Tuning In to Sensio Technologies

Oct.16.09 | About: SENSIO Technologies (SNIOF)

Eric Sprott of Toronto’s Sprott Asset Management explained why he thinks the market is underestimating growth in Sensio Technologies (OTC:SNIOF) [SIO:CN]. Key excerpts follow:

Turning to a non-commodity idea, why do you consider Sensio Technologies [SIO:CN] a potential homerun?

ES: Sensio is a small Montreal-based company with patented technology that facilitates the transmission and broadcast of 3-D content using 2-D devices and infrastructure. It provides encoding technology for minimal or no cost to movie, television and videogame producers creating 3-D products, and then charges a per-unit royalty for the decoding technology used in televisions, game consoles, DVD and Blu-ray players, set-top boxes, personal computers or any other playback device.

We expect 3-D to proliferate at a tremendous pace in all media platforms over the next few years and Sensio has what is considered the market-leading technology to help make that happen. We’ve seen research that estimates the total potential royalty-generating unit shipments of applicable PCs, TVs, game consoles and other devices could reach nearly 1.2 billion units per year within the next three or four years. At even tiny penetration levels, that would translate into huge revenue and profit growth for Sensio. Profit margins in royalty-type businesses like this tend to be in the 70-80% range or greater.

With revenues today nearly non-existent, this seems almost like a venture capital investment.

ES: I told you we look for the biggest bang for the buck. For its fiscal year ending in May 2012, assuming 3-D-enabled devices continue to increase rapidly for theater and home markets and Sensio slowly starts to build market share, revenues could come in at C$13-$14 million, with EPS in the 14-15 cent range. As new content and hardware feed off each other, growth could accelerate from there, sending revenues over C$40 million in fiscal 2013 and EPS to around 50 cents per share.

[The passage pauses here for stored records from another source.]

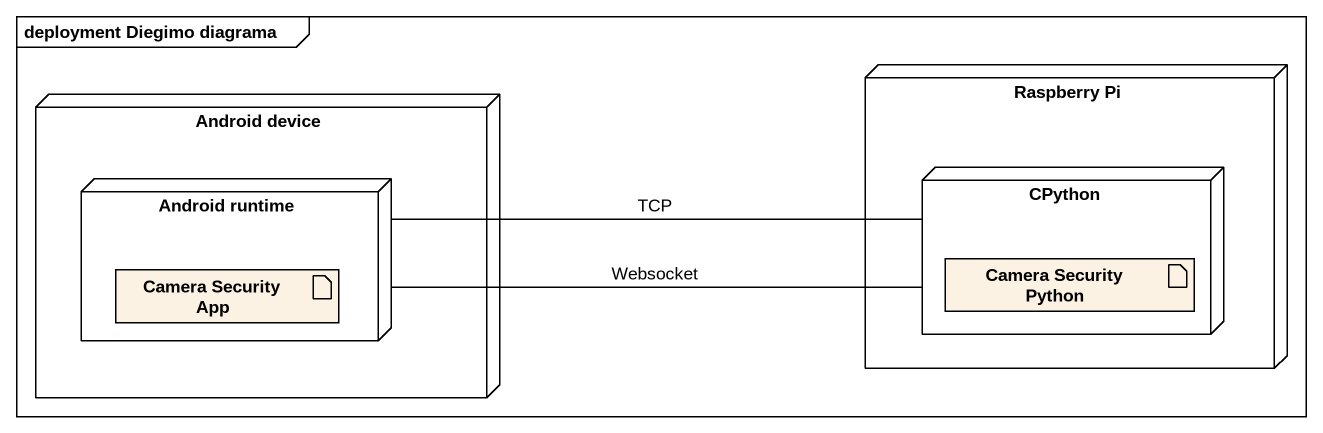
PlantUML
@startuml
mainframe deployment Diegimo diagrama
node "Android device" as Android_device {
  node "Android runtime" as Android_runtime {
    artifact "Camera Security App" as Camera_Security_App
  }
}
node "Raspberry Pi" as Raspberry_Pi {
  node CPython {
    artifact "Camera Security Python" as Camera_Security_Python
  }
}
Android_runtime -right- CPython : TCP
Android_runtime -right- CPython : Websocket
@enduml
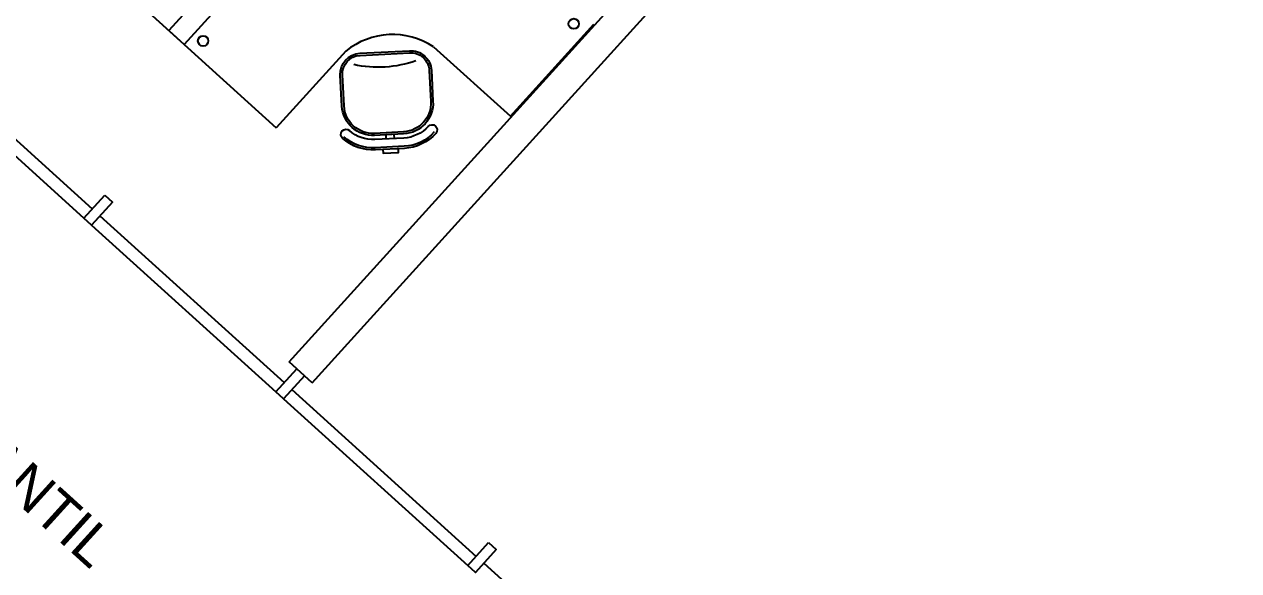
# Model space of a CAD drawing. Header units: millimetres. Extents: x 0 to 86.4, y -30.6 to 19.1.
# Drawn here: x 69.99 to 75.85, y -26.54 to -23.9 of the extents above; entities that cross this region are included whole.
import ezdxf

# ---------------------------------------------------------------- set-up
doc = ezdxf.new("R2010")
doc.units = ezdxf.units.MM
for name, pattern in [('DASHED', [0.75, 0.5, -0.25]), ('HIDDEN', [0.375, 0.25, -0.125]), ('HIDDEN2', [0.1875, 0.125, -0.0625])]:
    doc.linetypes.add(name, pattern=pattern)
for name, color, linetype in [('AR-ESQ', 2, 'Continuous'), ('AR-MOB', 2, 'Continuous'), ('ar-mobiliário 2012', 2, 'Continuous'), ('AR-PAR-ALV', 5, 'Continuous'), ('AR-PRJ', 1, 'HIDDEN'), ('AR-TXT', 2, 'Continuous')]:
    doc.layers.add(name, color=color, linetype=linetype)
doc.styles.add('1-125', font='stylu.ttf', dxfattribs={"height": 0.2})

# ---------------------------------------------------------------- blocks, each defined once
blk = doc.blocks.new('ESTA')
at = {"layer": 'AR-MOB', "color": 2}
for p, q in [((52.5148, 2.7596), (52.5149, 3.2596)), ((53.8149, 3.2596), (52.5149, 3.2596)), ((51.7148, 2.4597), (51.7147, 1.8597)), ((52.2148, 2.4597), (51.7148, 2.4597))]:
    blk.add_line(p, q, dxfattribs=at)
at = {"layer": 'AR-MOB', "linetype": 'Continuous'}
for p, q in [((53.1147, 1.8596), (53.1149, 3.2596)), ((53.2149, 3.2596), (53.1149, 3.2596)), ((53.2149, 1.8596), (53.2149, 3.2596))]:
    blk.add_line(p, q, dxfattribs=at)
at = {"layer": 'AR-MOB', "color": 1, "linetype": 'Continuous'}
for centre in [(53.0582, 3.1856), (51.7883, 1.9231)]:
    blk.add_circle(centre, 0.025, dxfattribs=at)
at = {"layer": 'AR-MOB', "color": 2}
blk.add_arc((52.1598, 2.8147), 0.3592, 278.79933, 351.18575, dxfattribs=at)
blk = doc.blocks.new('CADEIRA-S')
at = {"color": 2}
for p, q in [((0.0718, 0.2686), (-0.0682, 0.2686)), ((0.0718, 0.2186), (-0.0682, 0.2186)), ((0.0718, 0.1986), (-0.0682, 0.1986)), ((-0.2182, 0.0486), (-0.2182, -0.1014)), ((0.2218, -0.1014), (0.2218, 0.0486)), ((-0.1182, -0.2014), (0.1218, -0.2014))]:
    blk.add_line(p, q, dxfattribs=at)
at = {"color": 1}
for p, q in [((0.0718, 0.2586), (-0.0682, 0.2586)), ((0.0718, 0.1886), (-0.0682, 0.1886)), ((-0.0148, 0.1986), (-0.0149, 0.2186)), ((0.0252, 0.1986), (0.0251, 0.2186)), ((-0.2082, 0.0486), (-0.2082, -0.1014)), ((0.2118, -0.1014), (0.2118, 0.0486)), ((-0.1182, -0.1914), (0.1218, -0.1914))]:
    blk.add_line(p, q, dxfattribs=at)
at = {"color": 2}
blk.add_lwpolyline([(-0.032, 0.2686), (-0.032, 0.2867), (0.0426, 0.2867), (0.0426, 0.2686)], dxfattribs=at)
for centre, radius, start, end in [((-0.0682, 0.0486), 0.22, 90, 135), ((0.0718, 0.0486), 0.22, 45, 90), ((-0.2061, 0.1864), 0.025, 135, 315), ((-0.0682, 0.0486), 0.15, 90, 180), ((-0.0682, 0.0486), 0.17, 90, 135), ((0.0718, 0.0486), 0.17, 45, 90), ((0.0718, 0.0486), 0.15, 0, 90), ((0.2097, 0.1864), 0.025, 225, 45), ((-0.1182, -0.1014), 0.1, 180, 270), ((0.1218, -0.1014), 0.1, 270, 0)]:
    blk.add_arc(centre, radius, start, end, dxfattribs=at)
at = {"color": 1}
for centre, radius, start, end in [((-0.0682, 0.0486), 0.21, 90, 135), ((0.0718, 0.0486), 0.21, 45, 90), ((-0.0682, 0.0486), 0.14, 90, 180), ((0.0718, 0.0486), 0.14, 0, 90), ((-0.1182, -0.1014), 0.09, 180, 270), ((0.1218, -0.1014), 0.09, 270, 0), ((-0.0052, -0.6823), 0.5534, 73.69112, 105.24909)]:
    blk.add_arc(centre, radius, start, end, dxfattribs=at)
blk = doc.blocks.new('4 ESTAÇOES')
at = {"layer": 'AR-MOB', "rotation": 180}
blk.add_blockref('ESTA', (66.7148, 17.5098), dxfattribs=at)
at = {"layer": 'AR-MOB', "xscale": -1, "rotation": 225.2287342419167}
blk.add_blockref('CADEIRA-S', (14.4838, 14.7299), dxfattribs=at)

msp = doc.modelspace()

# ---------------------------------------------------------------- linework, layer by layer
at = {"layer": 'AR-ESQ', "color": 1}
for points in [[(69.388, -24.0282), (70.2773, -24.834)], [(70.3143, -24.8676), (71.2035, -25.6733)], [(71.2406, -25.7069), (72.1298, -26.5127)]]:
    msp.add_lwpolyline(points, dxfattribs=at)
at = {"layer": 'AR-ESQ'}
for points in [[(69.4283, -23.9837), (70.3175, -24.7895)], [(70.3546, -24.8231), (71.2438, -25.6289)], [(71.3413, -25.5957), (71.2406, -25.7069), (71.2035, -25.6733), (71.3043, -25.5622)], [(71.2809, -25.6624), (72.1701, -26.4682)], [(72.2072, -26.5018), (73.0964, -27.3075)]]:
    msp.add_lwpolyline(points, dxfattribs=at)
for points in [[(70.378, -24.7228), (70.415, -24.7564), (70.3143, -24.8676), (70.2773, -24.834)], [(72.2305, -26.4015), (72.2676, -26.4351), (72.1669, -26.5462), (72.1298, -26.5127)]]:
    msp.add_lwpolyline(points, close=True, dxfattribs=at)
at = {"layer": 'AR-PAR-ALV'}
for p, q in [((71.2672, -25.5286), (75.8337, -20.4891)), ((71.3784, -25.6293), (75.9175, -20.62)), ((71.3784, -25.6293), (71.2672, -25.5286))]:
    msp.add_line(p, q, dxfattribs=at)
at = {"layer": 'AR-PRJ', "color": 1, "linetype": 'DASHED'}
msp.add_lwpolyline([(76.9032, -24.8885, 0.014176), (74.9662, -28.3369), (75.2407, -28.481, -0.014176), (77.1691, -25.0479)], format="xyb", dxfattribs=at)
at = {"layer": 'AR-PRJ', "color": 1, "linetype": 'HIDDEN2', "ltscale": 2}
for centre, radius, start, end in [((136.7388, -60.7666), 69.4728, 137.942687, 152.707454), ((136.4358, -60.591), 69.1086, 145.556581, 153.606232)]:
    msp.add_arc(centre, radius, start, end, dxfattribs=at)

# ---------------------------------------------------------------- block references
at = {"layer": 'ar-mobiliário 2012', "rotation": 317.8194238956843}
msp.add_blockref('4 ESTAÇOES', (51.1143, -25.4226), dxfattribs=at)

# ---------------------------------------------------------------- texts
at = {"layer": 'AR-TXT', "color": 2, "insert": (68.6248, -24.8979), "char_height": 0.2, "attachment_point": 5, "rotation": 317.81917, "style": '1-125'}
msp.add_mtext('SMC / DIESP/ SEGEP\\PCENTRAL DE ESTÁGIO ESTUDANTIL\\PA=31,56 m²', dxfattribs=at)

doc.saveas('drawing.dxf')

If all that happens, that’s not bad against a share price of around C$1.70 today.

ES: A lot obviously has to go right for the company to hit those numbers, but the upside if they come even close is massive. A company growing like that in a field with open-ended growth certainly isn’t going to sell for 3.4x earnings.

For comparison, Dolby Laboratories and DTS – companies in the industry with similar royalty revenue models but much lower growth – today trade for something like 20x 2011 EPS estimates. Put that multiple on 50 cents per share in earnings and, even if it takes longer than we expect, Sensio would be a homerun.

How are you looking at downside risk?

ES: There’s not as much downside protection in this idea versus a gold stock trading at 5x earnings. Here we have to look out a number of years until the multiple gets cheap. The compensation for less downside protection, of course, is that the upside is potentially explosive.

We also see the real potential that someone recognizes the value of Sensio’s technology and tries to buy the company. We have no precise estimate for a takeout price, but if the technology is what we hope it is, any deal would surely only happen at a significant premium to today’s market price. That could help put a nice floor on the share price.